» **TASK GOAL**
With the line containing "point P9 (-30, 34)" as the starting point, output the remaining lines of the data exactly as they are, through the last.

▼

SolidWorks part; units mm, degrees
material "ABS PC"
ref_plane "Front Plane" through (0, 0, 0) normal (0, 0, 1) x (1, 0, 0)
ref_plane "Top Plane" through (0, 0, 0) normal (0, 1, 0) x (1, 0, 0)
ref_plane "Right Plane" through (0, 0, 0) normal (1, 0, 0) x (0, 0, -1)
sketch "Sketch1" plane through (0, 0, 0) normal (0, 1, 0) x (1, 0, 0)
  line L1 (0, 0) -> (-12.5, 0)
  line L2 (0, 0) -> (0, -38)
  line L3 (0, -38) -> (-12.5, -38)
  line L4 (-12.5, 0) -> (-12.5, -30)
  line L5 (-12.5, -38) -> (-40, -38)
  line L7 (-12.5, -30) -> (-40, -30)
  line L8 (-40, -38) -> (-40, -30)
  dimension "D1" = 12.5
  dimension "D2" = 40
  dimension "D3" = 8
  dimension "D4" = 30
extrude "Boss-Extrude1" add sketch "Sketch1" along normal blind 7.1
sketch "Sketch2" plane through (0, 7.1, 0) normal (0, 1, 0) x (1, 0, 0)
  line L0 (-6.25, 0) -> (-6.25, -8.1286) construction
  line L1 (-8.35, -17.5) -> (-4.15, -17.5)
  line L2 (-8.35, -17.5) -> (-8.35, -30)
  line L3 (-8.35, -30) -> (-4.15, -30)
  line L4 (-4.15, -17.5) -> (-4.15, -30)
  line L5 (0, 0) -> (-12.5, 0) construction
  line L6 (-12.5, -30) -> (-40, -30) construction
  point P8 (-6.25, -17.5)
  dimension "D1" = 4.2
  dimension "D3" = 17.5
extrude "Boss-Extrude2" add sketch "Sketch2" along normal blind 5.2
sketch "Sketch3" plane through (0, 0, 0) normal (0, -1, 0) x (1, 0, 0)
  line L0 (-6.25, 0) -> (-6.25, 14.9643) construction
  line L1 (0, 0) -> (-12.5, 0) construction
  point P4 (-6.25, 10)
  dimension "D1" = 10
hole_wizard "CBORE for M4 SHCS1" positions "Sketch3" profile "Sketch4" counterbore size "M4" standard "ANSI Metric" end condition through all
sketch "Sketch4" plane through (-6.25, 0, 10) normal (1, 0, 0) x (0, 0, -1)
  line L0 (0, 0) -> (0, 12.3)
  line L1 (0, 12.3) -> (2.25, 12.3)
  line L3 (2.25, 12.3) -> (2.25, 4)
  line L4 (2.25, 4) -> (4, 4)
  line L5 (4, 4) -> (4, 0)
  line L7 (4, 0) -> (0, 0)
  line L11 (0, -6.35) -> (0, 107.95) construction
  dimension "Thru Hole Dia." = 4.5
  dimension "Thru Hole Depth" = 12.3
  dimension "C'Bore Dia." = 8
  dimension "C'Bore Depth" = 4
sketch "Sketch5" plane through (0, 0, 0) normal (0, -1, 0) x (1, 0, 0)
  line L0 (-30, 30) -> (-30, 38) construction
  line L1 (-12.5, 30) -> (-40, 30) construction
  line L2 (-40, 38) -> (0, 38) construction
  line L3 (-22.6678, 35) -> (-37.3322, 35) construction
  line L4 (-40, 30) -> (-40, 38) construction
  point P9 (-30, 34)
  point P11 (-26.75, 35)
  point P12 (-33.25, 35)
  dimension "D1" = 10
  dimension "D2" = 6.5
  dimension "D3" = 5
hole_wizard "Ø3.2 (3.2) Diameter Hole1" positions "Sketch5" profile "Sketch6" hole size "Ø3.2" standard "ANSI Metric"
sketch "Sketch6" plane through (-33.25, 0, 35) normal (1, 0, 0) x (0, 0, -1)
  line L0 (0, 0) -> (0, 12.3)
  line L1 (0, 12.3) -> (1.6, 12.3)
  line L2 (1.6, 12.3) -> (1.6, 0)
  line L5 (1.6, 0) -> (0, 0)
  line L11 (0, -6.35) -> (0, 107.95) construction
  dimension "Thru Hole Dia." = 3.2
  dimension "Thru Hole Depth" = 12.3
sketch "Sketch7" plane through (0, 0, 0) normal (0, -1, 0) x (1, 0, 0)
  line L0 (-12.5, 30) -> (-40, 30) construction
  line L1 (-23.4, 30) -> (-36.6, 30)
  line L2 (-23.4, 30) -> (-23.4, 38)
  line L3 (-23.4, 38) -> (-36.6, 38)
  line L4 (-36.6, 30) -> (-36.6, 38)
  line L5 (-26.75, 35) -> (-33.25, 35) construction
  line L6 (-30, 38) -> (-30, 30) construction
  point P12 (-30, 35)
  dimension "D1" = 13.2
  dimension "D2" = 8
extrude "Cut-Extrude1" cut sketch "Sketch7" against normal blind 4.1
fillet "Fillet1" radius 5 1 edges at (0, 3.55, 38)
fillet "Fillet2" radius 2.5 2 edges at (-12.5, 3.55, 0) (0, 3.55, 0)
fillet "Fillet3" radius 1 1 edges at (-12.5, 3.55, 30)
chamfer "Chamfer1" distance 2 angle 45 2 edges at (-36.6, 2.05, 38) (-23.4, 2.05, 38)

▲

» **WRITTEN REPLY**
  point P9 (-30, 34)
  point P11 (-26.75, 35)
  point P12 (-33.25, 35)
  dimension "D1" = 10
  dimension "D2" = 6.5
  dimension "D3" = 5
hole_wizard "Ø3.2 (3.2) Diameter Hole1" positions "Sketch5" profile "Sketch6" hole size "Ø3.2" standard "ANSI Metric"
sketch "Sketch6" plane through (-33.25, 0, 35) normal (1, 0, 0) x (0, 0, -1)
  line L0 (0, 0) -> (0, 12.3)
  line L1 (0, 12.3) -> (1.6, 12.3)
  line L2 (1.6, 12.3) -> (1.6, 0)
  line L5 (1.6, 0) -> (0, 0)
  line L11 (0, -6.35) -> (0, 107.95) construction
  dimension "Thru Hole Dia." = 3.2
  dimension "Thru Hole Depth" = 12.3
sketch "Sketch7" plane through (0, 0, 0) normal (0, -1, 0) x (1, 0, 0)
  line L0 (-12.5, 30) -> (-40, 30) construction
  line L1 (-23.4, 30) -> (-36.6, 30)
  line L2 (-23.4, 30) -> (-23.4, 38)
  line L3 (-23.4, 38) -> (-36.6, 38)
  line L4 (-36.6, 30) -> (-36.6, 38)
  line L5 (-26.75, 35) -> (-33.25, 35) construction
  line L6 (-30, 38) -> (-30, 30) construction
  point P12 (-30, 35)
  dimension "D1" = 13.2
  dimension "D2" = 8
extrude "Cut-Extrude1" cut sketch "Sketch7" against normal blind 4.1
fillet "Fillet1" radius 5 1 edges at (0, 3.55, 38)
fillet "Fillet2" radius 2.5 2 edges at (-12.5, 3.55, 0) (0, 3.55, 0)
fillet "Fillet3" radius 1 1 edges at (-12.5, 3.55, 30)
chamfer "Chamfer1" distance 2 angle 45 2 edges at (-36.6, 2.05, 38) (-23.4, 2.05, 38)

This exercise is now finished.